Problem requirements: Look below for the line containing "0, 0) normal (1, 0, 0)"; from there, print each line exactly up to and including the line containing "line L4 (-126, 250) -> (-126, -250)", and stop.

Data extracts:
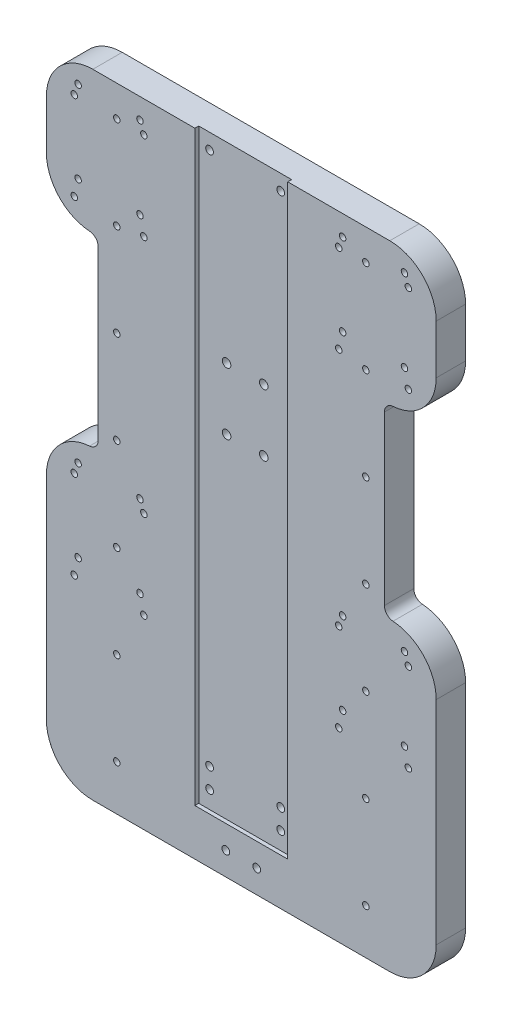
SolidWorks part; units mm, degrees
ref_plane "Piano frontale" through (0, 0, 0) normal (0, 0, 1) x (1, 0, 0)
ref_plane "Piano superiore" through (0, 0, 0) normal (0, 1, 0) x (1, 0, 0)
ref_plane "Piano destro" through (0, 0, 0) normal (1, 0, 0) x (0, 0, -1)
sketch "Schizzo1" plane through (0, 0, 0) normal (0, 0, 1) x (1, 0, 0)
  line L1 (126, -250) -> (-126, -250)
  line L2 (126, -250) -> (126, 250)
  line L3 (126, 250) -> (-126, 250)
  line L4 (-126, -250) -> (-126, 250)
  line L5 (126, -250) -> (-126, 250) construction
  line L6 (126, 250) -> (-126, -250) construction
  point P0 (0, 0)
  dimension "D1" = 252
  dimension "D2" = 500
extrude "Estrusione-Estrusione1" add sketch "Schizzo1" along normal blind 19
sketch "Schizzo2" plane through (0, 0, 19) normal (0, 0, 1) x (1, 0, 0)
  line L0 (1265.2426, 21.4119) -> (-695.7574, 21.4119) construction
  line L1 (1265.2426, 13.5541) -> (-695.7574, 13.5541) construction
  line L2 (1265.2426, 53.5541) -> (-695.7574, 53.5541) construction
  line L3 (1265.2426, 61.4119) -> (-695.7574, 61.4119) construction
  line L4 (-126, 250) -> (-126, -250)
  line L5 (-126, -250) -> (126, -250)
  line L6 (126, -250) -> (126, 250)
  line L7 (126, 250) -> (-126, 250)
  line L8 (-126, 250) -> (-126, -250) construction
  line L9 (-126, -250) -> (126, -250) construction
  line L10 (126, -250) -> (126, 250) construction
  line L11 (126, 250) -> (-126, 250) construction
  line L12 (1265.2426, 21.4119) -> (-695.7574, 21.4119) construction
  line L13 (1265.2426, 13.5541) -> (-695.7574, 13.5541) construction
  line L14 (1265.2426, 53.5541) -> (-695.7574, 53.5541) construction
  line L15 (1265.2426, 61.4119) -> (-695.7574, 61.4119) construction
  line L16 (126, -45.017) -> (-126, -45.017) construction
  line L17 (126, -25.017) -> (-126, -25.017) construction
  line L18 (126, -45.017) -> (-126, -45.017) construction
  line L19 (126, -25.017) -> (-126, -25.017) construction
  line L20 (-126, -45.017) -> (-126, -25.017) construction
  line L21 (126, -35.017) -> (-126, -35.017) construction
  line L22 (-126, -45.017) -> (126, -45.017) construction
  line L23 (-126, -45.017) -> (-126, -25.017) construction
  line L24 (-126, -25.017) -> (126, -25.017) construction
  line L25 (126, -45.017) -> (126, -25.017) construction
  circle A0 centre (110, 17.483) radius 3.9289
  circle A1 centre (110, 57.483) radius 3.9289
  circle A2 centre (-110, 17.483) radius 3.9289
  circle A3 centre (-110, 57.483) radius 3.9289
  circle A4 centre (110, -35.017) radius 3.5
  circle A5 centre (-110, -35.017) radius 3.5
  circle A6 centre (55, -35.017) radius 3.5
  circle A8 centre (-55, -35.017) radius 3.5
  circle A9 centre (20, -35.017) radius 3.5
  circle A10 centre (-20, -35.017) radius 3.5
  circle A11 centre (165, -35.017) radius 3.5 [skipped]
  dimension "D2" = 16
  dimension "D3" = 7.8579
  dimension "D4" = 16
  dimension "D5" = 7.8579
  dimension "D6" = 7
  dimension "D7" = 7
  dimension "D8" = 2
  dimension "D1" = 0
  dimension "D9" = 2
  dimension "D10" = 2
  dimension "D11" = 2
sketch "Schizzo3" plane through (0, 250, 0) normal (0, 1, 0) x (1, 0, 0)
  line L0 (126, -19) -> (-126, -19) construction
  line L1 (30, -16.5) -> (-30, -16.5)
  line L2 (30, -16.5) -> (30, -19)
  line L3 (30, -19) -> (-30, -19)
  line L4 (-30, -16.5) -> (-30, -19)
  line L5 (126, -19) -> (126, 0) construction
  line L6 (-126, -19) -> (-126, 0) construction
  line L7 (126, -19) -> (-126, -19) construction
  dimension "D1" = 2.5
  dimension "D2" = 96
  dimension "D3" = 96
extrude "Taglio-Estrusione1" cut sketch "Schizzo3" against normal through all
sketch "Schizzo4" plane through (0, 0, 16.5) normal (0, 0, 1) x (1, 0, 0)
  line L0 (30, -250) -> (30, 250) construction
  line L2 (30, 250) -> (-30, 250) construction
  line L3 (30, -250) -> (30, 250) construction
  line L6 (-30, 250) -> (-126, 250) construction
  line L7 (-30, -250) -> (-30, 250) construction
  point P11 (23, -118)
  point P14 (-23, -118)
  point P15 (-23, -105)
  point P16 (23, -105)
  point P17 (23, 240)
  point P18 (-23, 240)
  dimension "D1" = 46
  dimension "D2" = 13
  dimension "D3" = 13
  dimension "D4" = 46
  dimension "D5" = 7
  dimension "D6" = 345
  dimension "D7" = 10
  dimension "D8" = 46
  dimension "D9" = 7
  dimension "D10" = 10
  dimension "D11" = 7
  dimension "D12" = 7
sketch "Schizzo5" plane through (0, 0, 19) normal (0, 0, 1) x (1, 0, 0)
  point P4 (80.5006, 170)
  point P7 (80.5006, 110)
  point P16 (80.5006, 50)
  point P17 (80.5006, -10)
  point P18 (80.5006, -70)
  point P19 (80.5006, -130)
  point P20 (80.5006, 230)
hole_wizard "Tap Drill for M5 Tap2" positions "Sketch7" profile "Sketch8" hole size "M5" standard "ISO"
sketch "Sketch7" plane through (0, 0, 19) normal (0, 0, 1) x (1, 0, 0)
  point P0 (80.5006, -130)
  point P3 (80.5006, -70)
  point P7 (80.5006, -10)
  point P10 (80.5006, 50)
  point P13 (80.5006, 110)
  point P16 (80.5006, 170)
  point P19 (80.5006, 230)
sketch "Sketch8" plane through (80.5006, -130, 19) normal (1, 0, 0) x (0, -1, 0)
  line L0 (0, 0) -> (0, 37.8618)
  line L1 (0, 37.8618) -> (2.1, 36.6)
  line L2 (2.1, 36.6) -> (2.1, 0)
  line L5 (2.1, 0) -> (0, 0)
  line L10 (0, 37.8618) -> (-2.1, 36.6) construction
  line L11 (0, -6.35) -> (0, 107.95) construction
  dimension "Hole Dia." = 4.2
  dimension "Hole Depth" = 36.6
  dimension "Drill Angle" = 118
sketch "Schizzo6" plane through (0, 0, 19) normal (0, 0, 1) x (1, 0, 0)
  line L0 (126, -250) -> (126, 250) construction
  line L2 (126, 250) -> (30, 250) construction
  point P23 (108, 172.8083)
  point P26 (63, 172.8083)
  point P27 (63, 229.8083)
  point P28 (108, 229.8083)
  dimension "D1" = 45
  dimension "D2" = 45
  dimension "D3" = 57
  dimension "D4" = 57
  dimension "D5" = 18
  dimension "D6" = 20.1917
  dimension "D7" = 20.1917
  dimension "D8" = 18
hole_wizard "Tap Drill for M5 Tap1" positions "Sketch14" profile "Sketch15" hole size "M5" standard "ISO"
sketch "Sketch14" plane through (0, 0, 19) normal (0, 0, 1) x (1, 0, 0)
  line L1 (105.5, 183.8083) -> (65.5, 183.8083)
  line L2 (105.5, 183.8083) -> (105.5, 236.8083)
  line L3 (105.5, 236.8083) -> (65.5, 236.8083)
  line L4 (65.5, 183.8083) -> (65.5, 236.8083)
  line L6 (105.5, -28.1917) -> (65.5, -28.1917)
  line L7 (105.5, -28.1917) -> (105.5, 24.8083)
  line L8 (105.5, 24.8083) -> (65.5, 24.8083)
  line L9 (65.5, -28.1917) -> (65.5, 24.8083)
  line L10 (85.5, -28.1917) -> (85.5, 236.8083) construction
  line L12 (105.5, 210.3083) -> (65.5, 210.3083) construction
  line L14 (105.5, -1.6917) -> (65.5, -1.6917) construction
  line L16 (108, 172.8083) -> (63, 172.8083) construction
  line L18 (85.5, 256.2745) -> (85.5, -301.4126) construction
  point P0 (108, 172.8083)
  point P3 (108, 229.8083)
  point P6 (63, 229.8083)
  point P9 (63, 172.8083)
  point P12 (63, 17.8083)
  point P14 (63, -39.1917)
  point P16 (108, -39.1917)
  point P18 (108, 17.8083)
  point P19 (105.5, 236.8083)
  point P21 (65.5, 236.8083)
  point P23 (105.5, 183.8083)
  point P25 (65.5, 183.8083)
  point P99 (105.5, -28.1917)
  point P102 (65.5, -28.1917)
  point P105 (65.5, 24.8083)
  point P108 (105.5, 24.8083)
  point P138 (105.5, 183.8083)
  point P139 (65.5, 183.8083)
  point P140 (65.5, 236.8083)
  point P141 (105.5, 236.8083)
  point P142 (105.5, -28.1917)
  point P143 (65.5, -28.1917)
  point P144 (65.5, 24.8083)
  point P145 (105.5, 24.8083)
  dimension "D1" = 40
  dimension "D2" = 53
  dimension "D3" = 40
  dimension "D4" = 53
sketch "Sketch15" plane through (108, 172.8083, 19) normal (1, 0, 0) x (0, -1, 0)
  line L0 (0, 0) -> (0, 37.8618)
  line L1 (0, 37.8618) -> (2.1, 36.6)
  line L2 (2.1, 36.6) -> (2.1, 0)
  line L5 (2.1, 0) -> (0, 0)
  line L10 (0, 37.8618) -> (-2.1, 36.6) construction
  line L11 (0, -6.35) -> (0, 107.95) construction
  dimension "Hole Dia." = 4.2
  dimension "Hole Depth" = 36.6
  dimension "Drill Angle" = 118
hole_wizard "Tap Drill for M6 Tap4" positions "Sketch9" profile "Sketch10" hole size "M6" standard "ISO"
sketch "Sketch9" plane through (0, 0, 16.5) normal (0, 0, 1) x (1, 0, 0)
  point P0 (23, -118)
  point P3 (23, -105)
  point P6 (-23, -118)
  point P9 (-23, -105)
  point P12 (23, 240)
  point P15 (-23, 240)
sketch "Sketch10" plane through (23, -118, 16.5) normal (1, 0, 0) x (0, -1, 0)
  line L0 (0, 0) -> (0, 38.1022)
  line L1 (0, 38.1022) -> (2.5, 36.6)
  line L2 (2.5, 36.6) -> (2.5, 0)
  line L5 (2.5, 0) -> (0, 0)
  line L10 (0, 38.1022) -> (-2.5, 36.6) construction
  line L11 (0, -6.35) -> (0, 107.95) construction
  dimension "Hole Dia." = 5
  dimension "Hole Depth" = 36.6
  dimension "Drill Angle" = 118
sketch "Sketch11" plane through (0, 0, 16.5) normal (0, 0, 1) x (1, 0, 0)
  line L0 (0, -250) -> (0, 250) construction
  line L1 (30, -250) -> (-30, -250) construction
  line L2 (30, 250) -> (-30, 250) construction
ref_plane "Plane1" through (0, 0, 0) normal (-1, 0, 0) x (0, 0, 1)
mirror "Mirror1" about plane through (0, 0, 0) normal (-1, 0, 0) of "Tap Drill for M5 Tap2"
mirror "Mirror2" about plane through (0, 0, 0) normal (-1, 0, 0) of "Tap Drill for M5 Tap1"
sketch "Sketch16" plane through (0, 0, 0) normal (0, 0, -1) x (-1, 0, 0)
  line L0 (126, 250) -> (126, -250) construction
  line L1 (126, -317.9299) -> (-126, -317.9299)
  line L2 (126, -317.9299) -> (126, -159.25)
  line L3 (126, -159.25) -> (-126, -159.25)
  line L4 (-126, -317.9299) -> (-126, -159.25)
  line L5 (-126, -250) -> (-126, 250) construction
  line L9 (-12.9, -159.25) -> (25.2, -159.25) construction
extrude "Cut-Extrude1" cut sketch "Sketch16" against normal blind 28
sketch "Sketch26" plane through (0, 0, 16.5) normal (0, 0, 1) x (1, 0, 0)
  line L0 (30, -159.25) -> (30, 250) construction
  line L1 (-30, -159.25) -> (30, -159.25)
  line L2 (-30, -159.25) -> (-30, -129.25)
  line L3 (-30, -129.25) -> (30, -129.25)
  line L4 (30, -159.25) -> (30, -129.25)
  dimension "D1" = 30
extrude "Boss-Extrude1" add sketch "Sketch26" along normal up to surface (2.5 mm away) up to face at (-78, 45.375, 19)
hole_wizard "M5 Clearance Hole1" positions "Sketch17" profile "Sketch18" hole size "M5" standard "ISO" end condition through all
sketch "Sketch17" plane through (0, 0, 16.5) normal (0, 0, 1) x (1, 0, 0)
  line L0 (12, 86.3083) -> (-12, 126.3083) construction
  line L1 (-12, 126.3083) -> (-12, 86.3083) construction
  line L2 (-12, 86.3083) -> (12, 126.3083) construction
  line L3 (12, 126.3083) -> (12, 86.3083) construction
  line L4 (12, 86.3083) -> (-12, 86.3083) construction
  line L7 (-12, 126.3083) -> (12, 126.3083) construction
  point P0 (-12, 86.3083)
  point P2 (12, 86.3083)
  point P4 (12, 126.3083)
  point P6 (-12, 126.3083)
  dimension "D1" = 40
  dimension "D2" = 24
sketch "Sketch18" plane through (-12, 86.3083, 16.5) normal (1, 0, 0) x (0, -1, 0)
  line L0 (0, 0) -> (0, 16.5)
  line L1 (0, 16.5) -> (2.75, 16.5)
  line L2 (2.75, 16.5) -> (2.75, 0)
  line L5 (2.75, 0) -> (0, 0)
  line L11 (0, -6.35) -> (0, 107.95) construction
  dimension "Thru Hole Dia." = 5.5
  dimension "Thru Hole Depth" = 16.5
sketch "Sketch19" plane through (0, -195.45, 0) normal (0, -1, 0) x (-1, 0, 0)
  line L0 (0, -70.7) -> (0, 68.239) construction
  line L1 (126, -9.5) -> (-126, -9.5) construction
  line L2 (126, -19) -> (126, 0) construction
  line L3 (-126, -19) -> (-126, 0) construction
  line L5 (28.2, 0) -> (-28.2, 0) construction
  point P8 (20, -9.5)
  point P9 (-20, -9.5)
  point P12 (-20, 9.5)
  point P13 (20, 9.5)
  dimension "D1" = 20
hole_wizard "Tap Drill for M6 Tap2" positions "Sketch22" profile "Sketch23" hole size "M6" standard "ISO"
sketch "Sketch22" plane through (0, -159.25, 0) normal (0, -1, 0) x (-1, 0, 0)
  point P0 (20, -7.125)
  point P2 (-20, -7.125)
sketch "Sketch23" plane through (-20, -159.25, 7.125) normal (1, 0, 0) x (0, 0, -1)
  line L0 (0, 0) -> (0, 31.5022)
  line L1 (0, 31.5022) -> (2.5, 30)
  line L2 (2.5, 30) -> (2.5, 0)
  line L5 (2.5, 0) -> (0, 0)
  line L10 (0, 31.5022) -> (-2.5, 30) construction
  line L11 (0, -6.35) -> (0, 107.95) construction
  dimension "Hole Dia." = 5
  dimension "Hole Depth" = 30
  dimension "Drill Angle" = 118
hole_wizard "Tap Drill for M6 Tap3" positions "Sketch24" profile "Sketch25" hole size "M6" standard "ISO" end condition through all
sketch "Sketch24" plane through (0, 0, 0) normal (0, 0, -1) x (-1, 0, 0)
  point P0 (-10, -144.25)
  point P6 (10, -144.25)
sketch "Sketch25" plane through (10, -144.25, 0) normal (1, 0, 0) x (0, 1, 0)
  line L0 (0, 0) -> (0, 19)
  line L1 (0, 19) -> (2.5, 19)
  line L2 (2.5, 19) -> (2.5, 0)
  line L5 (2.5, 0) -> (0, 0)
  line L11 (0, -6.35) -> (0, 107.95) construction
  dimension "Thru Hole Dia." = 5
  dimension "Thru Hole Depth" = 19
sketch "Sketch27" plane through (0, 0, 19) normal (0, 0, 1) x (1, 0, 0)
  line L2 (-126, 38.082) -> (-126, 158.222)
  line L4 (-92.5, 38.082) -> (-92.5, 158.222)
  line L5 (-126, 38.082) -> (-92.5, 38.082)
  line L7 (-126, 158.222) -> (-92.5, 158.222)
  line L9 (-92.5, 40.082) -> (-92.5, 156.222) construction
  line L10 (-126, 40.082) -> (-126, 156.222) construction
  line L11 (-128, 158.222) -> (-90.5, 158.222) construction
  line L12 (-128, 38.082) -> (-128, 158.222) construction
  line L13 (-128, 38.082) -> (-90.5, 38.082) construction
  line L14 (-126, 40.082) -> (-92.5, 40.082) construction
  line L15 (-90.5, 38.082) -> (-90.5, 158.222) construction
  line L16 (-126, 156.222) -> (-92.5, 156.222) construction
  line L17 (-126, 98.152) -> (126, 98.152) construction
  line L18 (126, -159.25) -> (126, 250) construction
  line L19 (126, 98.152) -> (0, 98.152) construction
  line L20 (0, 98.152) -> (0, 87.9155) construction
  line L21 (-126, 38.082) -> (-92.5, 38.082)
  line L22 (-126, 158.222) -> (-92.5, 158.222)
  line L23 (126, 158.222) -> (92.5, 158.222)
  line L24 (126, 38.082) -> (92.5, 38.082)
  line L25 (126, 158.222) -> (92.5, 158.222)
  line L26 (126, 38.082) -> (92.5, 38.082)
  line L27 (92.5, 38.082) -> (92.5, 158.222)
  line L28 (126, 38.082) -> (126, 158.222)
  dimension "D1" = 2
extrude "Cut-Extrude2" cut sketch "Sketch27" against normal blind 76.9911 contours L27 L24 L23 | L7 L5 L4 region at (-109.25, 98.152, 19) region at (109.25, 98.152, 19)
fillet "Fillet1" radius 30 4 edges at (126, 158.222, 9.5) (126, 38.082, 9.5) (-126, 158.222, 9.5) (-126, 38.082, 9.5)
fillet "Fillet2" radius 30 4 edges at (126, 250, 9.5) (-126, 250, 9.5) (-126, -159.25, 9.5) (126, -159.25, 9.5)
fillet "Fillet3" radius 6 4 edges at (92.5, 158.222, 9.5) (92.5, 38.082, 9.5) (-92.5, 38.082, 9.5) (-92.5, 158.222, 9.5)
equation "\"D3@Schizzo3\"=\"D2@Schizzo3\""
equation "\"D11@Schizzo4\"=\"D5@Schizzo4\""

Result:
ref_plane "Piano destro" through (0, 0, 0) normal (1, 0, 0) x (0, 0, -1)
sketch "Schizzo1" plane through (0, 0, 0) normal (0, 0, 1) x (1, 0, 0)
  line L1 (126, -250) -> (-126, -250)
  line L2 (126, -250) -> (126, 250)
  line L3 (126, 250) -> (-126, 250)
  line L4 (-126, -250) -> (-126, 250)
  line L5 (126, -250) -> (-126, 250) construction
  line L6 (126, 250) -> (-126, -250) construction
  point P0 (0, 0)
  dimension "D1" = 252
  dimension "D2" = 500
extrude "Estrusione-Estrusione1" add sketch "Schizzo1" along normal blind 19
sketch "Schizzo2" plane through (0, 0, 19) normal (0, 0, 1) x (1, 0, 0)
  line L0 (1265.2426, 21.4119) -> (-695.7574, 21.4119) construction
  line L1 (1265.2426, 13.5541) -> (-695.7574, 13.5541) construction
  line L2 (1265.2426, 53.5541) -> (-695.7574, 53.5541) construction
  line L3 (1265.2426, 61.4119) -> (-695.7574, 61.4119) construction
  line L4 (-126, 250) -> (-126, -250)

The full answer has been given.